— Data section —
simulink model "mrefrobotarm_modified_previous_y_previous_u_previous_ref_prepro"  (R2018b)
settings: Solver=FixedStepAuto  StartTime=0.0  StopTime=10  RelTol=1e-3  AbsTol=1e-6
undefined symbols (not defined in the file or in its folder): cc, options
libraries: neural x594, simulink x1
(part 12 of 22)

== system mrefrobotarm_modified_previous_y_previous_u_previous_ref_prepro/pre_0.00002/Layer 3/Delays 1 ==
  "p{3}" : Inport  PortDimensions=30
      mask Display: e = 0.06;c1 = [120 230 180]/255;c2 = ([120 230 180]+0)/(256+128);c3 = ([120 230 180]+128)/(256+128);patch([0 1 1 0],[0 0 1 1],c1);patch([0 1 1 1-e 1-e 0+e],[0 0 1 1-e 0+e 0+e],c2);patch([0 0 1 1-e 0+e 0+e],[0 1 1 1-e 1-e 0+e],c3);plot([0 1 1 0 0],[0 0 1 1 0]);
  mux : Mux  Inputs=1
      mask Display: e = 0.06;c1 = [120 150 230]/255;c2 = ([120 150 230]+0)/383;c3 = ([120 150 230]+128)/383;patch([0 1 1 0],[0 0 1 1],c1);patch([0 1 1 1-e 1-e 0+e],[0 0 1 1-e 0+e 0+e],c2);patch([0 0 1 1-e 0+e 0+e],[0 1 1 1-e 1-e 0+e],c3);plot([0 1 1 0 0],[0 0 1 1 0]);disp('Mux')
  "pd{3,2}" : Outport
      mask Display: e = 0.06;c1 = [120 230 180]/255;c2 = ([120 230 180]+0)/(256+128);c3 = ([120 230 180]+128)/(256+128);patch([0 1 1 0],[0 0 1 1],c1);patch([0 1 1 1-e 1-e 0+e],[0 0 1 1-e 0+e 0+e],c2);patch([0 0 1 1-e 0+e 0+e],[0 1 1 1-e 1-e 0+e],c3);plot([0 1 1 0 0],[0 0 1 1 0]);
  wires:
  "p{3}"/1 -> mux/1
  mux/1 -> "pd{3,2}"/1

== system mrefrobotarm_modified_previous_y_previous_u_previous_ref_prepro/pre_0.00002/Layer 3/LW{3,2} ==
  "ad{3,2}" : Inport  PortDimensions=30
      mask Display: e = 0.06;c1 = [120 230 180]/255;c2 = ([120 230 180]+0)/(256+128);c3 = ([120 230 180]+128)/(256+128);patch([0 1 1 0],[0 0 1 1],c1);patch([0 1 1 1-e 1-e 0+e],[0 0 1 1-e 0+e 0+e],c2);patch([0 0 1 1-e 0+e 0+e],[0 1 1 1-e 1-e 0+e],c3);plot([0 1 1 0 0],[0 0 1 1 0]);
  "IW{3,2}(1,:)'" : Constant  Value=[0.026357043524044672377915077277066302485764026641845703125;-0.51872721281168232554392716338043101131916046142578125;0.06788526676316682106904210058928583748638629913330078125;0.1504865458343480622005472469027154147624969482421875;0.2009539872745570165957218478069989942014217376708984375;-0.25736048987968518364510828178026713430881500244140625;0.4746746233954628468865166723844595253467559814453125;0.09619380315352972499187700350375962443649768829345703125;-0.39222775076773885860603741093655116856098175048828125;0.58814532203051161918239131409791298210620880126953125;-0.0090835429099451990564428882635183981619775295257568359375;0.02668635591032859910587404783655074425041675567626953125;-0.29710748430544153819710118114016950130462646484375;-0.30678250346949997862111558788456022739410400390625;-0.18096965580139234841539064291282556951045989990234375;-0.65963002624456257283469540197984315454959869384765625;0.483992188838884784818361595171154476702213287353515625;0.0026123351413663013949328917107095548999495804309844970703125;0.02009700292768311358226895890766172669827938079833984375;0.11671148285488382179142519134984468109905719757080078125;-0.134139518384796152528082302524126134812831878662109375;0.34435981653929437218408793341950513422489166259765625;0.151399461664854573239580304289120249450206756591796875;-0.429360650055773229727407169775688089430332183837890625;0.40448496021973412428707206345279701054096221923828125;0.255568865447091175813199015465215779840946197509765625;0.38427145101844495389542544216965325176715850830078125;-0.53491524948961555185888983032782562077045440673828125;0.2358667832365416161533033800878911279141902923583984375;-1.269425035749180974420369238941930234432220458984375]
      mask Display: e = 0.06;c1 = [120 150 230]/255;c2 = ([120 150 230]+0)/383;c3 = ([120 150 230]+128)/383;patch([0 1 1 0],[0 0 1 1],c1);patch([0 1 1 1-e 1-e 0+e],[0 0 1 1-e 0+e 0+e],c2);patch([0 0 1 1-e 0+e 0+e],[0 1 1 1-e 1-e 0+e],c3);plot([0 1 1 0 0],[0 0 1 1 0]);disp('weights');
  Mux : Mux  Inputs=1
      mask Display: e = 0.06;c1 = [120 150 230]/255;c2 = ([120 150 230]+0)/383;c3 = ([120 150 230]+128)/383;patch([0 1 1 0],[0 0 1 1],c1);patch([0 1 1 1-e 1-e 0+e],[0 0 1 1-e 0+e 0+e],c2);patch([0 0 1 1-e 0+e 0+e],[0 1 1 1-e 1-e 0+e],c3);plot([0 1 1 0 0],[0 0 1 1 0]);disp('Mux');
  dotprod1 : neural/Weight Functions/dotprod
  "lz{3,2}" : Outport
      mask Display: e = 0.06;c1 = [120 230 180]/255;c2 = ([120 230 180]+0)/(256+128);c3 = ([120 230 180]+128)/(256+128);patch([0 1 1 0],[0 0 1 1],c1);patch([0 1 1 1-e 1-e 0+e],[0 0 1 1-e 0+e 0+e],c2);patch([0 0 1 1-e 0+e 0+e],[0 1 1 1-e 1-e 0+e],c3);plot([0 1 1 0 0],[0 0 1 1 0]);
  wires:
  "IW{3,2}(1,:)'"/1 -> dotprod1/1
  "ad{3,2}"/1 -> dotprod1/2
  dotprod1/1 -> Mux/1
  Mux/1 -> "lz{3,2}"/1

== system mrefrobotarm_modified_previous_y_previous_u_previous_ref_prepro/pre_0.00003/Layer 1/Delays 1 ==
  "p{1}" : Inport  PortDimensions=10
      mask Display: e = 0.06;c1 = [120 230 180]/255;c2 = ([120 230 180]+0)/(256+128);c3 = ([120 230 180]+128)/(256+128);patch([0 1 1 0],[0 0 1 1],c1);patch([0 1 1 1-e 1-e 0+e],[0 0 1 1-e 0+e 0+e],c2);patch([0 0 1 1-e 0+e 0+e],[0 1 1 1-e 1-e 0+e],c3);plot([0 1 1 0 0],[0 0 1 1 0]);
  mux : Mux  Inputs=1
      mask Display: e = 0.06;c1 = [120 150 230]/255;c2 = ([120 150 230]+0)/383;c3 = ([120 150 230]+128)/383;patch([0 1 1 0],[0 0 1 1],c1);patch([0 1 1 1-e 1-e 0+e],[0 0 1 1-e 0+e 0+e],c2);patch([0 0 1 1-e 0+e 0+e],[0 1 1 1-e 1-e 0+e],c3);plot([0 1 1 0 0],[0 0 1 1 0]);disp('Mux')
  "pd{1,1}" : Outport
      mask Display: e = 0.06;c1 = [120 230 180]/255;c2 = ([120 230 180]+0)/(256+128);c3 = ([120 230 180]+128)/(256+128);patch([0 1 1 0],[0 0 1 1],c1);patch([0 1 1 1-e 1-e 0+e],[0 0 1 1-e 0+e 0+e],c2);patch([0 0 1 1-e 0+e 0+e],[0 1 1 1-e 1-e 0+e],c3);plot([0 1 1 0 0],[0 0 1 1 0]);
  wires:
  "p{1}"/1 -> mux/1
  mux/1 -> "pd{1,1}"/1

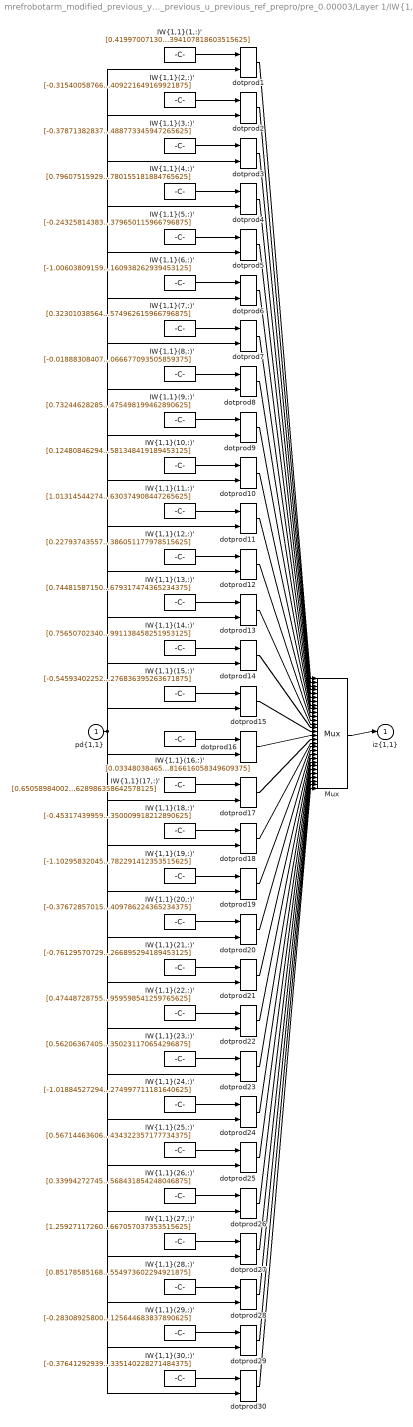
== system mrefrobotarm_modified_previous_y_previous_u_previous_ref_prepro/pre_0.00003/Layer 1/IW{1,1} ==
  "pd{1,1}" : Inport  PortDimensions=10
      mask Display: e = 0.06;c1 = [120 230 180]/255;c2 = ([120 230 180]+0)/(256+128);c3 = ([120 230 180]+128)/(256+128);patch([0 1 1 0],[0 0 1 1],c1);patch([0 1 1 1-e 1-e 0+e],[0 0 1 1-e 0+e 0+e],c2);patch([0 0 1 1-e 0+e 0+e],[0 1 1 1-e 1-e 0+e],c3);plot([0 1 1 0 0],[0 0 1 1 0]);
  "IW{1,1}(1,:)'" : Constant  Value=[0.419970071301938474572779114168952219188213348388671875;-0.8435648108302473691111345033277757465839385986328125;-0.1656764929854205037340619810493080876767635345458984375;-0.11639218277869724238460236165337846614420413970947265625;-1.0085904908462273166236400356865487992763519287109375;0.2870157504733672482188922003842890262603759765625;0.51428228640491180367888546243193559348583221435546875;0.54134778151221329967057727117207832634449005126953125;0.4535298805716763137496627678046934306621551513671875;-0.80929306256536348573860095712007023394107818603515625]
      mask Display: e = 0.06;c1 = [120 150 230]/255;c2 = ([120 150 230]+0)/383;c3 = ([120 150 230]+128)/383;patch([0 1 1 0],[0 0 1 1],c1);patch([0 1 1 1-e 1-e 0+e],[0 0 1 1-e 0+e 0+e],c2);patch([0 0 1 1-e 0+e 0+e],[0 1 1 1-e 1-e 0+e],c3);plot([0 1 1 0 0],[0 0 1 1 0]);disp('Weights');
  "IW{1,1}(10,:)'" : Constant  Value=[0.1248084629473502626950676130945794284343719482421875;0.5561546445854499420846650536986999213695526123046875;-0.000113541552609613440039115772606237442232668399810791015625;-1.267332618187496873218833570717833936214447021484375;1.324848031024380201614576435531489551067352294921875;0.435693687642321469954964641146943904459476470947265625;-0.8716286812435034558887991806841455399990081787109375;0.039256312878930797738430413801324903033673763275146484375;0.24291130218279122221503030232270248234272003173828125;0.579349644472149094553969916887581348419189453125]
      mask Display: e = 0.06;c1 = [120 150 230]/255;c2 = ([120 150 230]+0)/383;c3 = ([120 150 230]+128)/383;patch([0 1 1 0],[0 0 1 1],c1);patch([0 1 1 1-e 1-e 0+e],[0 0 1 1-e 0+e 0+e],c2);patch([0 0 1 1-e 0+e 0+e],[0 1 1 1-e 1-e 0+e],c3);plot([0 1 1 0 0],[0 0 1 1 0]);disp('Weights');
  "IW{1,1}(11,:)'" : Constant  Value=[1.013145442746719471216465535690076649188995361328125;0.99243177005728810957663199587841518223285675048828125;0.7891671128990978001382927686790935695171356201171875;0.99448519338468754913407110507250763475894927978515625;0.78513301503203092313043498506885953247547149658203125;1.039734908888301223583994215005077421665191650390625;0.0113187088607663612072062875313349650241434574127197265625;0.450506637373380869338035381588269956409931182861328125;0.463038284909750241791215330522391013801097869873046875;0.08865900952312423533019369870089576579630374908447265625]
      mask Display: e = 0.06;c1 = [120 150 230]/255;c2 = ([120 150 230]+0)/383;c3 = ([120 150 230]+128)/383;patch([0 1 1 0],[0 0 1 1],c1);patch([0 1 1 1-e 1-e 0+e],[0 0 1 1-e 0+e 0+e],c2);patch([0 0 1 1-e 0+e 0+e],[0 1 1 1-e 1-e 0+e],c3);plot([0 1 1 0 0],[0 0 1 1 0]);disp('Weights');
  "IW{1,1}(12,:)'" : Constant  Value=[0.2279374355718996325581571227303356863558292388916015625;-0.72859698297398123312262896433821879327297210693359375;0.47417467679467184549224612055695615708827972412109375;0.990640763171337201953292606049217283725738525390625;0.09802646157368609391991043366942903958261013031005859375;-0.1375834764035423207761965613826760090887546539306640625;0.94485525986767082695649833112838678061962127685546875;-0.089139203371477238047049240776686929166316986083984375;0.348785768332843748584792820111033506691455841064453125;-0.70331874474973388178256072933436371386051177978515625]
      mask Display: e = 0.06;c1 = [120 150 230]/255;c2 = ([120 150 230]+0)/383;c3 = ([120 150 230]+128)/383;patch([0 1 1 0],[0 0 1 1],c1);patch([0 1 1 1-e 1-e 0+e],[0 0 1 1-e 0+e 0+e],c2);patch([0 0 1 1-e 0+e 0+e],[0 1 1 1-e 1-e 0+e],c3);plot([0 1 1 0 0],[0 0 1 1 0]);disp('Weights');
  "IW{1,1}(13,:)'" : Constant  Value=[0.7448158715080184233414684058516286313533782958984375;-0.937709653184260805147687278804369270801544189453125;0.21308729556658556614223698488785885274410247802734375;0.89987770978577519276342400189605541527271270751953125;-0.5439743765683768828012034646235406398773193359375;1.540566291152452915724779813899658620357513427734375;-0.1376689897811968210650235278080799616873264312744140625;-0.228351277546065489776339063610066659748554229736328125;0.038462164544626441242680670029585598967969417572021484375;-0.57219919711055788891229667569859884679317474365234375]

— Problem requirements —
Determine the number of lines in the data above that contain the word "PortDimensions", and provide only that figure.

— Output for this exercise —
4